To get the function $g$ in a more intrinsic way, when $T$ is large, $\frac{n}{T}$ samples through the real line. Let $s = \frac{n}{T}$ so that $n = sT$ , then

g(s) = T\widehat{f}(Ts) = T\cdot \frac{1}{T}\int_{-\frac{T}{2}}^{\frac{T}{2}}f(t)e^{-\frac{2\pi}{T} i n t} dt = \int_{-\frac{T}{2}}^{\frac{T}{2}}f(t)e^{-2\pi i s t}dt.

(5)

When $T\to \infty$ , the left hand side gives a real function, and the right hand side is, by definition, the improper integral $\int_{-\infty}^{+\infty}f(t)e^{-2\pi i s t}dt$ .

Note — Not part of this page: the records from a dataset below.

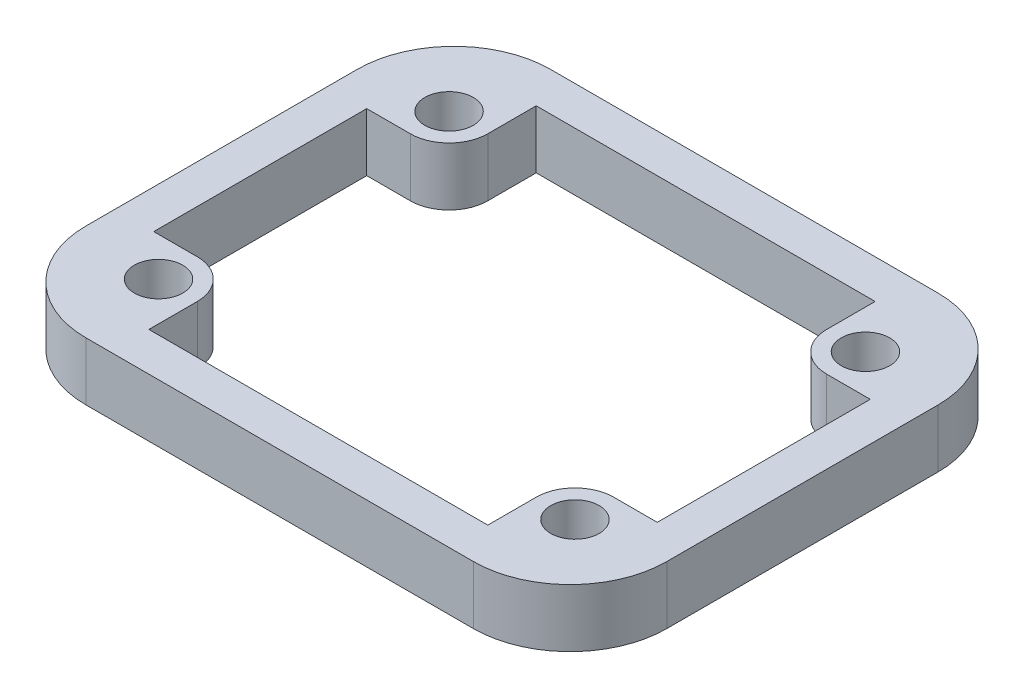
ISO-10303-21;
HEADER;
FILE_DESCRIPTION(('STEP AP214'),'2;1');
FILE_NAME('part.step','',(''),(''),'','','');
FILE_SCHEMA(('AUTOMOTIVE_DESIGN { 1 0 10303 214 1 1 1 1 }'));
ENDSEC;
DATA;
#1=APPLICATION_CONTEXT('core data for automotive mechanical design processes');
#2=APPLICATION_PROTOCOL_DEFINITION('international standard','automotive_design',2000,#1);
#3=PRODUCT_CONTEXT('',#1,'mechanical');
#4=PRODUCT('Part','Part','',(#3));
#5=PRODUCT_RELATED_PRODUCT_CATEGORY('part','',(#4));
#6=PRODUCT_DEFINITION_FORMATION('','',#4);
#7=PRODUCT_DEFINITION_CONTEXT('part definition',#1,'design');
#8=PRODUCT_DEFINITION('design','',#6,#7);
#9=PRODUCT_DEFINITION_SHAPE('','',#8);
#10=(LENGTH_UNIT() NAMED_UNIT(*) SI_UNIT(.MILLI.,.METRE.));
#11=(NAMED_UNIT(*) PLANE_ANGLE_UNIT() SI_UNIT($,.RADIAN.));
#12=(NAMED_UNIT(*) SI_UNIT($,.STERADIAN.) SOLID_ANGLE_UNIT());
#13=UNCERTAINTY_MEASURE_WITH_UNIT(LENGTH_MEASURE(1.E-05),#10,'distance_accuracy_value','');
#14=(GEOMETRIC_REPRESENTATION_CONTEXT(3) GLOBAL_UNCERTAINTY_ASSIGNED_CONTEXT((#13)) GLOBAL_UNIT_ASSIGNED_CONTEXT((#10,
#11,#12)) REPRESENTATION_CONTEXT('',''));
#15=CARTESIAN_POINT('',(0.,0.,0.));
#16=DIRECTION('',(0.,0.,1.));
#17=DIRECTION('',(1.,0.,0.));
#18=AXIS2_PLACEMENT_3D('',#15,#16,#17);
#19=CARTESIAN_POINT('',(0.,3.,0.));
#20=DIRECTION('',(0.,1.,0.));
#21=DIRECTION('',(0.,0.,1.));
#22=AXIS2_PLACEMENT_3D('',#19,#20,#21);
#23=PLANE('',#22);
#24=CARTESIAN_POINT('',(10.75,3.,-7.5));
#25=DIRECTION('',(0.,1.,0.));
#26=DIRECTION('',(0.,0.,-1.));
#27=AXIS2_PLACEMENT_3D('',#24,#25,#26);
#28=CIRCLE('',#27,1.25);
#29=CARTESIAN_POINT('',(10.75,3.,-8.75));
#30=VERTEX_POINT('',#29);
#31=EDGE_CURVE('E227',#30,#30,#28,.T.);
#32=ORIENTED_EDGE('',*,*,#31,.F.);
#33=EDGE_LOOP('',(#32));
#34=FACE_BOUND('',#33,.T.);
#35=CARTESIAN_POINT('',(10.75,3.,7.5));
#36=DIRECTION('',(0.,1.,0.));
#37=DIRECTION('',(0.,0.,1.));
#38=AXIS2_PLACEMENT_3D('',#35,#36,#37);
#39=CIRCLE('',#38,1.25);
#40=CARTESIAN_POINT('',(10.75,3.,8.75));
#41=VERTEX_POINT('',#40);
#42=EDGE_CURVE('E394',#41,#41,#39,.T.);
#43=ORIENTED_EDGE('',*,*,#42,.F.);
#44=EDGE_LOOP('',(#43));
#45=FACE_BOUND('',#44,.T.);
#46=CARTESIAN_POINT('',(-10.75,3.,7.5));
#47=DIRECTION('',(0.,1.,0.));
#48=DIRECTION('',(0.,0.,-1.));
#49=AXIS2_PLACEMENT_3D('',#46,#47,#48);
#50=CIRCLE('',#49,1.25);
#51=CARTESIAN_POINT('',(-10.75,3.,6.25));
#52=VERTEX_POINT('',#51);
#53=EDGE_CURVE('E386',#52,#52,#50,.T.);
#54=ORIENTED_EDGE('',*,*,#53,.F.);
#55=EDGE_LOOP('',(#54));
#56=FACE_BOUND('',#55,.T.);
#57=CARTESIAN_POINT('',(-10.75,3.,-7.5));
#58=DIRECTION('',(0.,1.,0.));
#59=DIRECTION('',(0.,0.,1.));
#60=AXIS2_PLACEMENT_3D('',#57,#58,#59);
#61=CIRCLE('',#60,1.25);
#62=CARTESIAN_POINT('',(-10.75,3.,-6.25));
#63=VERTEX_POINT('',#62);
#64=EDGE_CURVE('E405',#63,#63,#61,.T.);
#65=ORIENTED_EDGE('',*,*,#64,.F.);
#66=EDGE_LOOP('',(#65));
#67=FACE_BOUND('',#66,.T.);
#68=DIRECTION('',(0.,0.,1.));
#69=VECTOR('',#68,1.);
#70=CARTESIAN_POINT('',(-15.,3.,-12.));
#71=LINE('',#70,#69);
#72=CARTESIAN_POINT('',(-15.,3.,-7.));
#73=VERTEX_POINT('',#72);
#74=CARTESIAN_POINT('',(-15.,3.,7.00000000000001));
#75=VERTEX_POINT('',#74);
#76=EDGE_CURVE('E420',#73,#75,#71,.T.);
#77=ORIENTED_EDGE('',*,*,#76,.T.);
#78=CARTESIAN_POINT('',(-10.,3.,7.));
#79=DIRECTION('',(0.,1.,0.));
#80=DIRECTION('',(0.,0.,1.));
#81=AXIS2_PLACEMENT_3D('',#78,#79,#80);
#82=CIRCLE('',#81,5.);
#83=CARTESIAN_POINT('',(-10.,3.,12.));
#84=VERTEX_POINT('',#83);
#85=EDGE_CURVE('E475',#75,#84,#82,.T.);
#86=ORIENTED_EDGE('',*,*,#85,.T.);
#87=DIRECTION('',(1.,0.,0.));
#88=VECTOR('',#87,1.);
#89=CARTESIAN_POINT('',(-15.,3.,12.));
#90=LINE('',#89,#88);
#91=CARTESIAN_POINT('',(10.,3.,12.));
#92=VERTEX_POINT('',#91);
#93=EDGE_CURVE('E424',#84,#92,#90,.T.);
#94=ORIENTED_EDGE('',*,*,#93,.T.);
#95=CARTESIAN_POINT('',(10.,3.,7.));
#96=DIRECTION('',(0.,1.,0.));
#97=DIRECTION('',(0.,0.,1.));
#98=AXIS2_PLACEMENT_3D('',#95,#96,#97);
#99=CIRCLE('',#98,5.);
#100=CARTESIAN_POINT('',(15.,3.,7.));
#101=VERTEX_POINT('',#100);
#102=EDGE_CURVE('E472',#92,#101,#99,.T.);
#103=ORIENTED_EDGE('',*,*,#102,.T.);
#104=DIRECTION('',(0.,0.,-1.));
#105=VECTOR('',#104,1.);
#106=CARTESIAN_POINT('',(15.,3.,-12.));
#107=LINE('',#106,#105);
#108=CARTESIAN_POINT('',(15.,3.,-7.));
#109=VERTEX_POINT('',#108);
#110=EDGE_CURVE('E413',#101,#109,#107,.T.);
#111=ORIENTED_EDGE('',*,*,#110,.T.);
#112=CARTESIAN_POINT('',(10.,3.,-7.));
#113=DIRECTION('',(0.,1.,0.));
#114=DIRECTION('',(0.,0.,1.));
#115=AXIS2_PLACEMENT_3D('',#112,#113,#114);
#116=CIRCLE('',#115,5.);
#117=CARTESIAN_POINT('',(10.,3.,-12.));
#118=VERTEX_POINT('',#117);
#119=EDGE_CURVE('E65',#109,#118,#116,.T.);
#120=ORIENTED_EDGE('',*,*,#119,.T.);
#121=DIRECTION('',(-1.,0.,0.));
#122=VECTOR('',#121,1.);
#123=CARTESIAN_POINT('',(-15.,3.,-12.));
#124=LINE('',#123,#122);
#125=CARTESIAN_POINT('',(-10.,3.,-12.));
#126=VERTEX_POINT('',#125);
#127=EDGE_CURVE('E416',#118,#126,#124,.T.);
#128=ORIENTED_EDGE('',*,*,#127,.T.);
#129=CARTESIAN_POINT('',(-10.,3.,-7.));
#130=DIRECTION('',(0.,1.,0.));
#131=DIRECTION('',(0.,0.,1.));
#132=AXIS2_PLACEMENT_3D('',#129,#130,#131);
#133=CIRCLE('',#132,5.);
#134=EDGE_CURVE('E467',#126,#73,#133,.T.);
#135=ORIENTED_EDGE('',*,*,#134,.T.);
#136=EDGE_LOOP('',(#77,#86,#94,#103,#111,#120,#128,#135));
#137=FACE_BOUND('',#136,.T.);
#138=DIRECTION('',(-1.,0.,0.));
#139=VECTOR('',#138,1.);
#140=CARTESIAN_POINT('',(-8.75,3.,-10.));
#141=LINE('',#140,#139);
#142=CARTESIAN_POINT('',(8.75,3.,-10.));
#143=VERTEX_POINT('',#142);
#144=CARTESIAN_POINT('',(-8.75,3.,-10.));
#145=VERTEX_POINT('',#144);
#146=EDGE_CURVE('E218',#143,#145,#141,.T.);
#147=ORIENTED_EDGE('',*,*,#146,.F.);
#148=DIRECTION('',(0.,0.,-1.));
#149=VECTOR('',#148,1.);
#150=CARTESIAN_POINT('',(8.75,3.,-10.));
#151=LINE('',#150,#149);
#152=CARTESIAN_POINT('',(8.75,3.,-7.5));
#153=VERTEX_POINT('',#152);
#154=EDGE_CURVE('E207',#153,#143,#151,.T.);
#155=ORIENTED_EDGE('',*,*,#154,.F.);
#156=CARTESIAN_POINT('',(10.75,3.,-7.5));
#157=DIRECTION('',(0.,-1.,0.));
#158=DIRECTION('',(0.,0.,-1.));
#159=AXIS2_PLACEMENT_3D('',#156,#157,#158);
#160=CIRCLE('',#159,2.);
#161=CARTESIAN_POINT('',(10.75,3.,-5.5));
#162=VERTEX_POINT('',#161);
#163=EDGE_CURVE('E275',#162,#153,#160,.T.);
#164=ORIENTED_EDGE('',*,*,#163,.F.);
#165=DIRECTION('',(-1.,0.,0.));
#166=VECTOR('',#165,1.);
#167=CARTESIAN_POINT('',(10.75,3.,-5.5));
#168=LINE('',#167,#166);
#169=CARTESIAN_POINT('',(13.,3.,-5.5));
#170=VERTEX_POINT('',#169);
#171=EDGE_CURVE('E271',#170,#162,#168,.T.);
#172=ORIENTED_EDGE('',*,*,#171,.F.);
#173=DIRECTION('',(0.,0.,-1.));
#174=VECTOR('',#173,1.);
#175=CARTESIAN_POINT('',(13.,3.,-5.5));
#176=LINE('',#175,#174);
#177=CARTESIAN_POINT('',(13.,3.,5.5));
#178=VERTEX_POINT('',#177);
#179=EDGE_CURVE('E268',#178,#170,#176,.T.);
#180=ORIENTED_EDGE('',*,*,#179,.F.);
#181=DIRECTION('',(1.,0.,0.));
#182=VECTOR('',#181,1.);
#183=CARTESIAN_POINT('',(13.,3.,5.5));
#184=LINE('',#183,#182);
#185=CARTESIAN_POINT('',(10.75,3.,5.5));
#186=VERTEX_POINT('',#185);
#187=EDGE_CURVE('E265',#186,#178,#184,.T.);
#188=ORIENTED_EDGE('',*,*,#187,.F.);
#189=CARTESIAN_POINT('',(10.75,3.,7.5));
#190=DIRECTION('',(0.,-1.,0.));
#191=DIRECTION('',(0.,0.,1.));
#192=AXIS2_PLACEMENT_3D('',#189,#190,#191);
#193=CIRCLE('',#192,2.);
#194=CARTESIAN_POINT('',(8.75,3.,7.5));
#195=VERTEX_POINT('',#194);
#196=EDGE_CURVE('E262',#195,#186,#193,.T.);
#197=ORIENTED_EDGE('',*,*,#196,.F.);
#198=DIRECTION('',(0.,0.,-1.));
#199=VECTOR('',#198,1.);
#200=CARTESIAN_POINT('',(8.75,3.,7.5));
#201=LINE('',#200,#199);
#202=CARTESIAN_POINT('',(8.75,3.,10.));
#203=VERTEX_POINT('',#202);
#204=EDGE_CURVE('E259',#203,#195,#201,.T.);
#205=ORIENTED_EDGE('',*,*,#204,.F.);
#206=DIRECTION('',(1.,0.,0.));
#207=VECTOR('',#206,1.);
#208=CARTESIAN_POINT('',(8.75,3.,10.));
#209=LINE('',#208,#207);
#210=CARTESIAN_POINT('',(-8.75,3.,10.));
#211=VERTEX_POINT('',#210);
#212=EDGE_CURVE('E256',#211,#203,#209,.T.);
#213=ORIENTED_EDGE('',*,*,#212,.F.);
#214=DIRECTION('',(0.,0.,1.));
#215=VECTOR('',#214,1.);
#216=CARTESIAN_POINT('',(-8.75,3.,10.));
#217=LINE('',#216,#215);
#218=CARTESIAN_POINT('',(-8.75,3.,7.5));
#219=VERTEX_POINT('',#218);
#220=EDGE_CURVE('E253',#219,#211,#217,.T.);
#221=ORIENTED_EDGE('',*,*,#220,.F.);
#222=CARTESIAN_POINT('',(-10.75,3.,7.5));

The $g$ we get is the Fourier transform of $f$ . Of course, the argument needs some assumption to work but it gives us a motivation of Fourier transform.

Definition, inversion and first examples¶

Let $f$ be an $L^1$ function on $\mathbb{R}$ . The Fourier transform of $f$ is given by

\mathcal F f(s) = \int_{-\infty}^{+\infty} f(t)e^{-2\pi i t s} dt.

(6)

Note that to be $L^1$ or bounded support is too restrictive for a satisfactory theory of Fourier transforms, we just add this assumption for simplicity. The Fourier transform can be defined on much wider objects, as we shall see later.

The inversion integral¶

The Fourier coefficients can recover the function under certain regularity assumptions or growth conditions (they are the same). One expects same behavior for Fourier transforms. Suppose we know the Fourier transform of $f$ is $F(s)$ , can we recover $f$ ? For simplicity let’s assume $f$ is bounded support (we also call it time limited) so that we can obtain its periodization $f_T$ without convergence issues. Then we can try to get $f_T$ by Fourier series and then recover $f$ by letting $T\to \infty$ . Using Fourier series expansion on $f_T$ and equation $T\widehat{f_T}(n) = F(\frac{n}{T})$ we get

\begin{split} f_T(x) &= \sum_{n= -\infty}^{+\infty} \widehat{f_T}(n)e^{\frac{2\pi }{T}i nx}\\ & = \sum_{n = -\infty}^{+\infty} \frac{1}{T} F(\frac{n}{T})e^{2\pi i \frac{n}{T}x} \end{split}

(7)

This is an Riemann sum of, which goes to $\int_{-\infty}^{+\infty}F(s)e^{2\pi i x s} ds$ , when $T\to \infty$ , and the left hand side goes to $f(x)$ . The argument suggests that we can get $f$ back by taking integral

\int_{-\infty}^{+\infty}F(s)e^{2\pi i s x}.

(8)

This is the inverse Fourier transform. We need assumption to make this work, which we shall examine later.